To install from the root of your teraslice instance.
npm install terascope/teraslice_paged_reader
A reader for Elasticsearch based on normal paging mechanisms.
This is primarily useful on relatively small indices when you need sorted results or do not have a date field to work with and want to run the data through a Teraslice op pipeline.
If you have a large amount of data the deep paging required for the processing may overload the cluster so caution is recommended.
If full_response: false
and array of JSON formatted records from the Elasticsearch index.
If full_response: true
and array of JSON formatted records from the Elasticsearch search response which includes all metadata as well as the actual data records.

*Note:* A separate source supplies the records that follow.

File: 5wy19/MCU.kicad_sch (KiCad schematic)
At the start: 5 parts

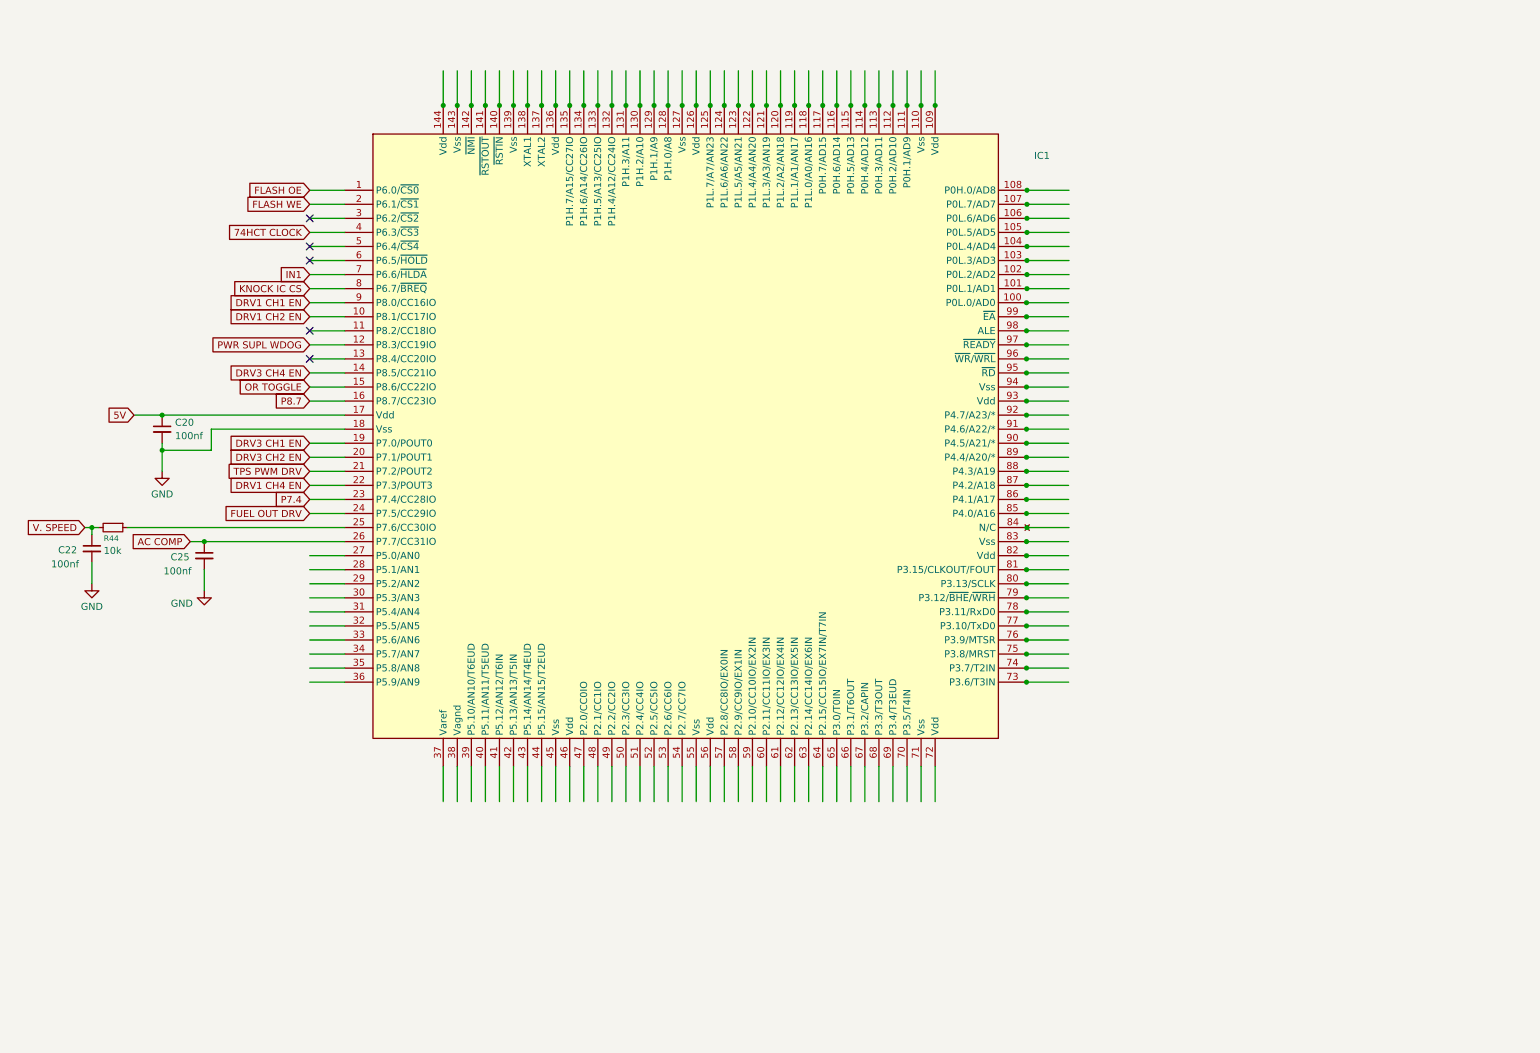
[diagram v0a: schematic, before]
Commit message: Further progress on MCU and connected circuits
Mostly sensors, knock control, some pins from the IO drivers and the unknown AMIS chip
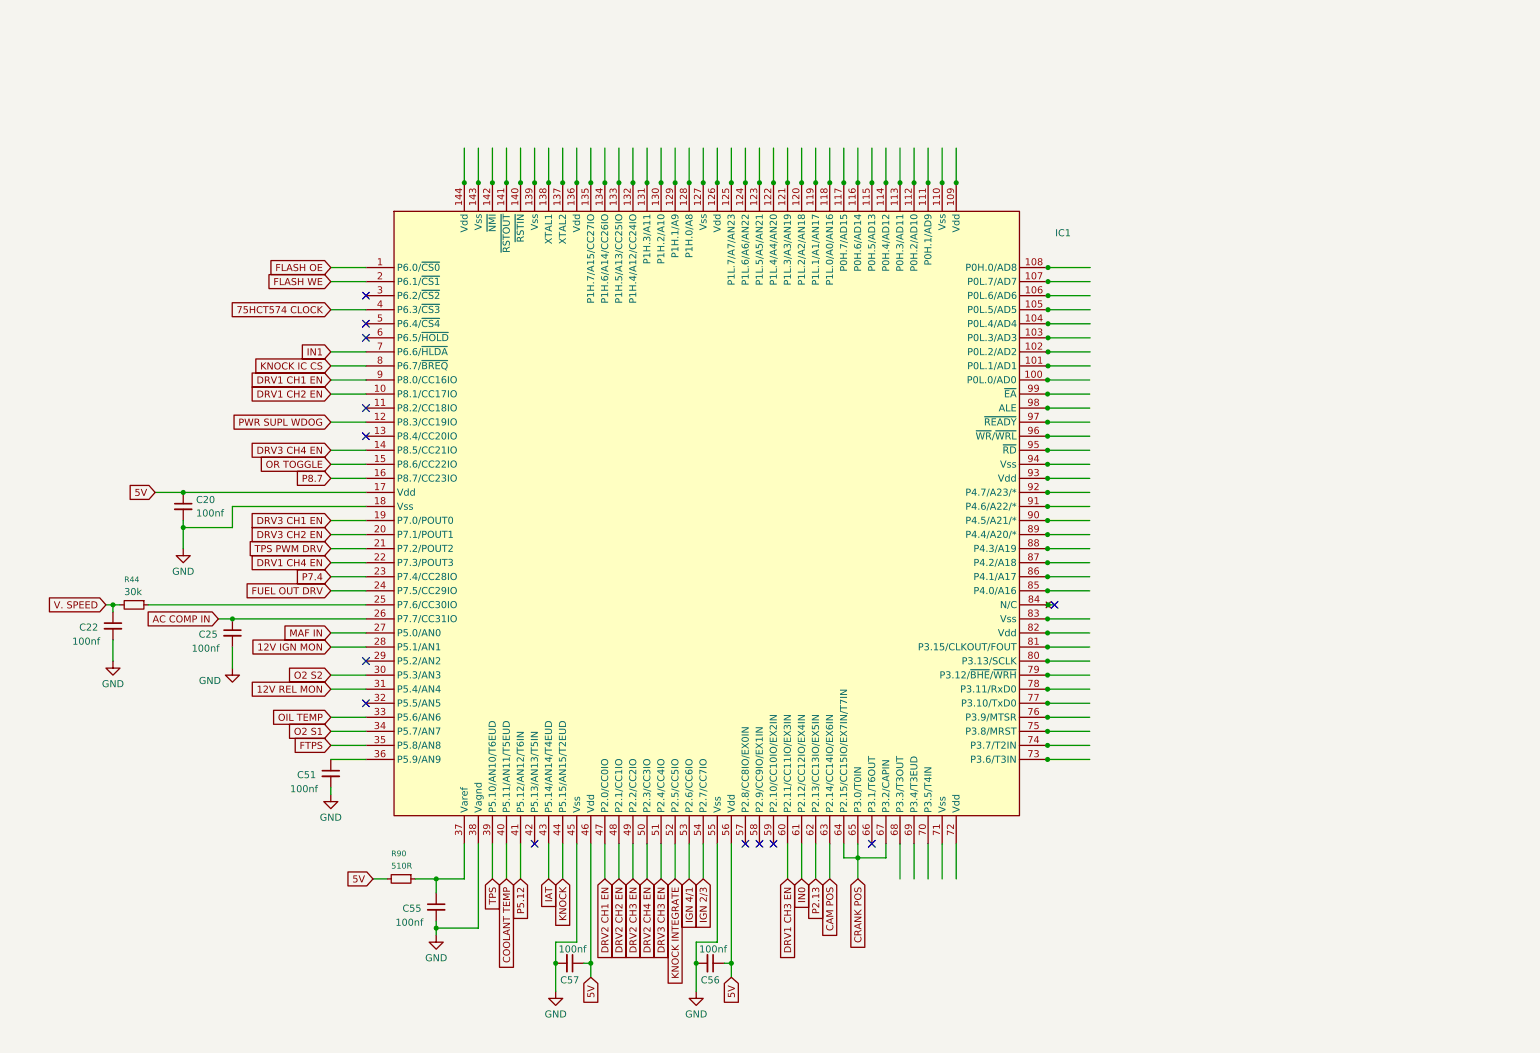
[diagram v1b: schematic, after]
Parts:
- added C51, C55, C56, C57: 100nf, symbol Device:C_Small
- added R90: 510R, symbol Device:R_Small
- R44: value 10k -> 30k
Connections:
- net 5V: now also IC1.46 (Vdd), IC1.56 (Vdd), C56.1, C57.1, R90.2
- net GND: now also IC1.38 (Vagnd), IC1.45 (Vss), IC1.55 (Vss), C51.2, C55.2, C56.2, C57.2
- net MAF IN: now reaches IC1.27 (P5.0/AN0)
- net 12V IGN MON: now reaches IC1.28 (P5.1/AN1)
- net O2 S2: now reaches IC1.30 (P5.3/AN3)
- net 12V REL MON: now reaches IC1.31 (P5.4/AN4)
- net OIL TEMP: now reaches IC1.33 (P5.6/AN6)
- net O2 S1: now reaches IC1.34 (P5.7/AN7)
- net FTPS: now reaches IC1.35 (P5.8/AN8)
- net at IC1.36 (P5.9/AN9): now also C51.1
- net at IC1.37 (Varef): now also C55.1, R90.1
- net TPS: now reaches IC1.39 (P5.10/AN10/T6EUD)
- net COOLANT TEMP: now reaches IC1.40 (P5.11/AN11/T5EUD)
- net P5.12: now reaches IC1.41 (P5.12/AN12/T6IN)
- net IAT: now reaches IC1.43 (P5.14/AN14/T4EUD)
- net KNOCK: now reaches IC1.44 (P5.15/AN15/T2EUD)
- net DRV2 CH1 EN: now reaches IC1.47 (P2.0/CC0IO)
- net DRV2 CH2 EN: now reaches IC1.48 (P2.1/CC1IO)
- net DRV2 CH3 EN: now reaches IC1.49 (P2.2/CC2IO)
- net DRV2 CH4 EN: now reaches IC1.50 (P2.3/CC3IO)
- net DRV3 CH3 EN: now reaches IC1.51 (P2.4/CC4IO)
- net KNOCK INTEGRATE: now reaches IC1.52 (P2.5/CC5IO)
- net IGN 4/1: now reaches IC1.53 (P2.6/CC6IO)
- net IGN 2/3: now reaches IC1.54 (P2.7/CC7IO)
- net DRV1 CH3 EN: now reaches IC1.60 (P2.11/CC11IO/EX3IN)
- net IN0: now reaches IC1.61 (P2.12/CC12IO/EX4IN)
- net P2.13: now reaches IC1.62 (P2.13/CC13IO/EX5IN)
- net CAM POS: now reaches IC1.63 (P2.14/CC14IO/EX6IN)
- net CRANK POS: now reaches IC1.64 (P2.15/CC15IO/EX7IN/T7IN)
- net CRANK POS: now also IC1.65 (P3.0/T0IN), IC1.67 (P3.2/CAPIN)
- net 74HCT CLOCK renamed 75HCT574 CLOCK
- net AC COMP renamed AC COMP IN
- no-connect marks 5 -> 13
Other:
- moved on the sheet: C20, C22, C25, IC1, R44

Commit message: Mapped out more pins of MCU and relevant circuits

Name | Description | Default | Required |
---|---|---|---|
index | Which index to search | Y | |
query | Lucene query to use when selecting data | * | N |
size | How many docs to pull in each paging request | 5000 | N |
from | The starting offset for paging | 0 | N |
sort | Sort order for the results. field_name:asc or field_name:desc | N | |
full_response | Set to true to receive the full Elasticsearch query response including index metadata | N | |
set_result_window | Set to true to temporarily increase the index.max_result_window setting. This will allow result sets larger than 10,000 records to be processed but should be used with extreme caution if you have a large index. | false | Y/N |
This example will read an index in 10,000 record chunks and then export it to a CSV file. This type of job is mostly useful at modest index sizes and preserving the order is only possible if you use a single worker.
{
"name": "Reindex",
"lifecycle": "once",
"workers": 1,
"operations": [
{
"_op": "teraslice_elasticsearch_paged_reader",
"index": "test-data",
"query": "date:*",
"sort": "dete:desc",
"size": 10000,
"set_result_window": false
},
{
"_op": "teraslice_csv_sender",
"fields": ["value", "date"],
"filename": "/tmp/exported"
}
]
}
For elasticsearch 2.0 and above you have to deal with index.max_result_window if your index has more than 10,000 records in it. If you set set_result_window
to true the reader will set it based on the size of the result set but this should be used with caution as the reader can not revert the setting when processing is complete.